Adrenaline– increases your heart rate, elevates your blood pressure and boost energy supplies

Cortisol– increases sugars in the bloodstream, enhances your brain’s use of glucose and increases the availability of substances that repair tissues. It also curbs functions that would be nonessential or detrimental in a fight-or-flight situation. It alters immune system responses and suppresses the digestive system, the reproductive system and growth processes.

This complex alarm system also communicates with regions of your brain that control mood, motivation and fear.”

It’s me again. Isn’t that amazing how God equipped our bodies to deal with these things?! “Nature” could not give us something so intricately designed. God created everything in nature and without Him nothing else would exist.

“The body’s stress response is usually self regulated. It decreases hormone levels and enables your body to return to normal once a perceived threat has passed. As adrenaline and cortisol levels drop, your heart rate and blood pressure return to baseline levels and other systems resume their regular activities. But when the stressors of your life are always present…that reaction stays turned on….The long term activation of the stress response system- and the subsequent overexposure to cortisol and other stress hormones- can disrupt almost all your body’s processes.”

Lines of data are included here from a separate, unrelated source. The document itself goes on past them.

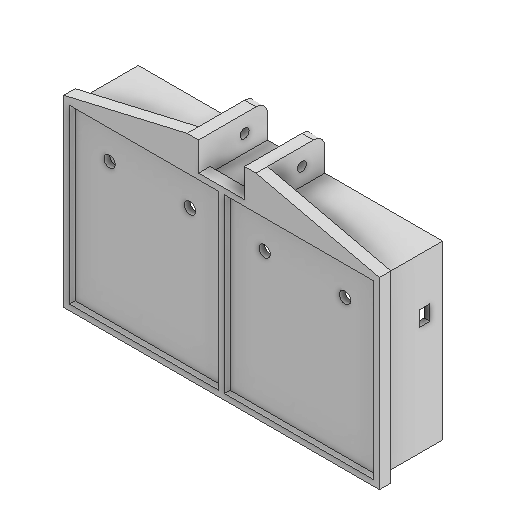
# Autodesk Inventor part: PlacaExcavacion
Saved by Autodesk Inventor 2025.2 (Build 292293000, 293)
## iProperties
Created: 2025-07-31
Part Number: PlacaExcavacion
Material: Genérico
Document SubType Name: Modeling
Designer: Triax_Tray
Density: 1 g/cm^3
Appearance: Valor por defecto
Author: Triax_Tray
Autodesk Inventor part; units mm, degrees
ref_plane "YZ Plane" through (0, 0, 0) normal (1, 0, 0) x (0, 1, 0)
ref_plane "XZ Plane" through (0, 0, 0) normal (0, 1, 0) x (-1, 0, 0)
ref_plane "XY Plane" through (0, 0, 0) normal (0, 0, 1) x (1, 0, 0)
sketch "Boceto1" plane through (0, 0, 0) normal (0, 0, 1) x (1, 0, 0)
  line L0 (0, 0) -> (130, 0)
  line L1 (130, 0) -> (130, 150)
  line L2 (130, 150) -> (0, 150)
  line L3 (0, 150) -> (0, 0)
  line L4 (135, 150) -> (135, 0)
  line L5 (135, 150) -> (265, 150)
  line L6 (265, 150) -> (265, 0)
  line L7 (265, 0) -> (135, 0)
  line L8 (270, 150) -> (270, 0)
  line L9 (270, 150) -> (270, 155)
  line L10 (270, 155) -> (0, 155)
  line L11 (0, 155) -> (-5, 155)
  line L12 (-5, 155) -> (-5, 0)
  line L13 (-5, 0) -> (-5, -5)
  line L14 (-5, -5) -> (270, -5)
  line L15 (270, 0) -> (270, -5)
  constraints: 32 end point, 6 perpendicular, 4 horizontal, 2 vertical, 1 point on line
extrude "Extrusión1" add sketch "Boceto1" along normal blind 5
sketch "Boceto2" plane through (0, 0, 0) normal (0, 0, -1) x (-1, 0, 0)
  line L0 (-270, 155) -> (5, 155) projected
  line L1 (-135, 150) -> (-265, 150) projected
  line L2 (-265, 150) -> (-265, 0) projected
  line L3 (-270, -5) -> (-270, 155) projected
  line L4 (5, -5) -> (-270, -5) projected
  line L5 (5, 155) -> (5, -5) projected
  line L6 (-270, 155) -> (5, 155)
  line L7 (5, 155) -> (5, -5)
  line L8 (0, 0) -> (0, 150) projected
  line L9 (-270, 155) -> (-270, -5)
  line L10 (-270, -5) -> (5, -5)
  constraints: 8 end point, 2 parallel, 1 collinear, 1 horizontal
extrude "Extrusión2" add sketch "Boceto2" along normal blind 5
sketch "Boceto3" plane through (0, 0, 0) normal (0, 0, 1) x (1, 0, 0)
  line L0 (0, 0) -> (0, 150) projected
  circle A0 centre (30, 120) radius 5
  circle A1 centre (100, 120) radius 5
  line L1 (130, 150) -> (132.5, 150)
  circle A2 centre (235, 120) radius 5
  circle A3 centre (165, 120) radius 5
  dimension "d17" = 10
  constraints: 4 centre point, 2 end point
  measures "d17" diameter of A0
extrude "Extrusión3" cut sketch "Boceto3" against normal blind 20
sketch "Boceto5" plane through (0, 0, -5) normal (0, 0, -1) x (-1, 0, 0)
  line L0 (5, 155) -> (-270, 155) projected
  circle A0 centre (-165, 120) radius 5 projected
  circle A1 centre (-100, 120) radius 5 projected
  circle A2 centre (-235, 120) radius 5 projected
  circle A3 centre (-30, 120) radius 5 projected
  line L1 (5, 155) -> (-270, 155) projected
  line L2 (-270, 155) -> (-270, -5) projected
  line L3 (-270, -5) -> (5, -5) projected
  line L4 (5, -5) -> (5, 155) projected
  line L5 (0, 0) -> (0, 150) projected
  line L6 (-270, 155) -> (5, 155) projected
  line L7 (-270, 155) -> (-270, -5) projected
  line L8 (-132.5, -5) -> (-122.5, -5) construction
  line L9 (-132.5, 5) -> (-5, 5)
  line L10 (0, 150) -> (-130, 150) projected
  line L11 (-260, 5) -> (-260, 140)
  line L12 (-5, 145) -> (-5, 5)
  line L13 (-5, 5) -> (-260, 5)
  line L14 (-260, 5) -> (-260, 140.9585)
  line L15 (-256.5, 145) -> (-5, 145)
  line L16 (-5, 145) -> (-5, 5)
  line L17 (-5, 5) -> (-260, 5)
  line L18 (-260, 5) -> (-260, 140.9585)
  line L19 (-265, 145) -> (-265, 5)
  line L20 (-130, 0) -> (0, 0) projected
  line L21 (-265, 150) -> (-265, 0) projected
  line L22 (-265, 145) -> (-265, 150)
  line L23 (-265, 150) -> (0, 150)
  line L24 (0, 0) -> (0, 150)
  line L25 (0, 0) -> (-265, 0)
  line L26 (-265, 0) -> (-265, 150)
  line L27 (-256.5, 145) -> (-132.5, 145)
  line L28 (-260, 5) -> (-132.5, 5)
  line L29 (-5, 145) -> (-5, 75)
  line L30 (-5, 145) -> (65, 145) construction
  line L31 (-260, 145) -> (-260, 75)
  line L32 (-1.5, 142.9793) -> (-5, 140.9585)
  line L33 (-5, 140.9585) -> (-8.5, 142.9793)
  line L34 (-8.5, 142.9793) -> (-8.5, 147.0207)
  line L35 (-8.5, 147.0207) -> (-5, 149.0415)
  line L36 (-5, 149.0415) -> (-1.5, 147.0207)
  line L37 (-1.5, 147.0207) -> (-1.5, 142.9793)
  line L38 (-1.5, 72.9793) -> (-5, 70.9585)
  line L39 (-5, 70.9585) -> (-8.5, 72.9793)
  line L40 (-8.5, 72.9793) -> (-8.5, 77.0207)
  line L41 (-8.5, 77.0207) -> (-5, 79.0415)
  line L42 (-5, 79.0415) -> (-1.5, 77.0207)
  line L43 (-1.5, 77.0207) -> (-1.5, 72.9793)
  line L44 (-1.5, 2.9793) -> (-5, 0.9585)
  line L45 (-5, 0.9585) -> (-8.5, 2.9793)
  line L46 (-8.5, 2.9793) -> (-8.5, 7.0207)
  line L47 (-8.5, 7.0207) -> (-5, 9.0415)
  line L48 (-5, 9.0415) -> (-1.5, 7.0207)
  line L49 (-1.5, 7.0207) -> (-1.5, 2.9793)
  line L50 (-129, 2.9793) -> (-132.5, 0.9585)
  line L51 (-132.5, 0.9585) -> (-136, 2.9793)
  line L52 (-136, 2.9793) -> (-136, 7.0207)
  line L53 (-136, 7.0207) -> (-132.5, 9.0415)
  line L54 (-132.5, 9.0415) -> (-129, 7.0207)
  line L55 (-129, 7.0207) -> (-129, 2.9793)
  line L56 (-256.5, 2.9793) -> (-260, 0.9585)
  line L57 (-260, 0.9585) -> (-263.5, 2.9793)
  line L58 (-263.5, 2.9793) -> (-263.5, 7.0207)
  line L59 (-263.5, 7.0207) -> (-260, 9.0415)
  line L60 (-260, 9.0415) -> (-256.5, 7.0207)
  line L61 (-256.5, 7.0207) -> (-256.5, 2.9793)
  line L62 (-256.5, 72.9793) -> (-260, 70.9585)
  line L63 (-260, 70.9585) -> (-263.5, 72.9793)
  line L64 (-263.5, 72.9793) -> (-263.5, 77.0207)
  line L65 (-263.5, 77.0207) -> (-260, 79.0415)
  line L66 (-260, 79.0415) -> (-256.5, 77.0207)
  line L67 (-256.5, 77.0207) -> (-256.5, 72.9793)
  line L68 (-256.5, 142.9793) -> (-260, 140.9585)
  line L69 (-260, 140.9585) -> (-263.5, 142.9793)
  line L70 (-263.5, 142.9793) -> (-263.5, 147.0207)
  line L71 (-263.5, 147.0207) -> (-260, 149.0415)
  line L72 (-260, 149.0415) -> (-256.5, 147.0207)
  line L73 (-256.5, 147.0207) -> (-256.5, 142.9793)
  line L74 (-129, 142.9793) -> (-132.5, 140.9585)
  line L75 (-132.5, 140.9585) -> (-136, 142.9793)
  line L76 (-136, 142.9793) -> (-136, 147.0207)
  line L77 (-136, 147.0207) -> (-132.5, 149.0415)
  line L78 (-132.5, 149.0415) -> (-129, 147.0207)
  line L79 (-129, 147.0207) -> (-129, 142.9793)
  circle A4 centre (-260, 145) radius 5
  circle A5 centre (-132.5, 145) radius 5
  circle A6 centre (-5, 145) radius 5
  circle A7 centre (-5, 75) radius 5
  circle A8 centre (-5, 5) radius 5
  circle A9 centre (-132.5, 5) radius 5
  circle A10 centre (-260, 5) radius 5
  circle A11 centre (-260, 75) radius 5
  line L80 (-260, 145) -> (-256.5, 145) construction
  line L81 (-255, 145) -> (-189.5, 145) construction
  point P0 (-1.5, 145)
  point P1 (-1.5, 75)
  point P2 (-1.5, 5)
  point P3 (-129, 5)
  point P4 (-256.5, 5)
  point P5 (-256.5, 75)
  point P6 (-129, 145)
  point P7 (-10, 145)
  point P8 (-5, 140)
  point P9 (-5, 80)
  point P10 (-5, 70)
  point P11 (-5, 10)
  point P12 (-10, 5)
  point P13 (-127.5, 5)
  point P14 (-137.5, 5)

From my experience, once this happens, it is a vicious cycle that never stops. Something has to be done to correctly re-wire your system to how it once was. And this is a process, not just an over-night cure.

My prayer is that the things that helped me will help others as well. And may I say to the people who might be reading this who have never experienced anxiety but know someone who has? Dismissing their fears or calling them irrational DOES NOT help. Do you really want to help them? Be there. Without your critical advice or lectures or superior attitude because YOU have never had problems like this. Let them know that even though you have no idea what they are going through, you will be there. Through it all.

Hopefully the above information has shed better light on why and how anxiety happens.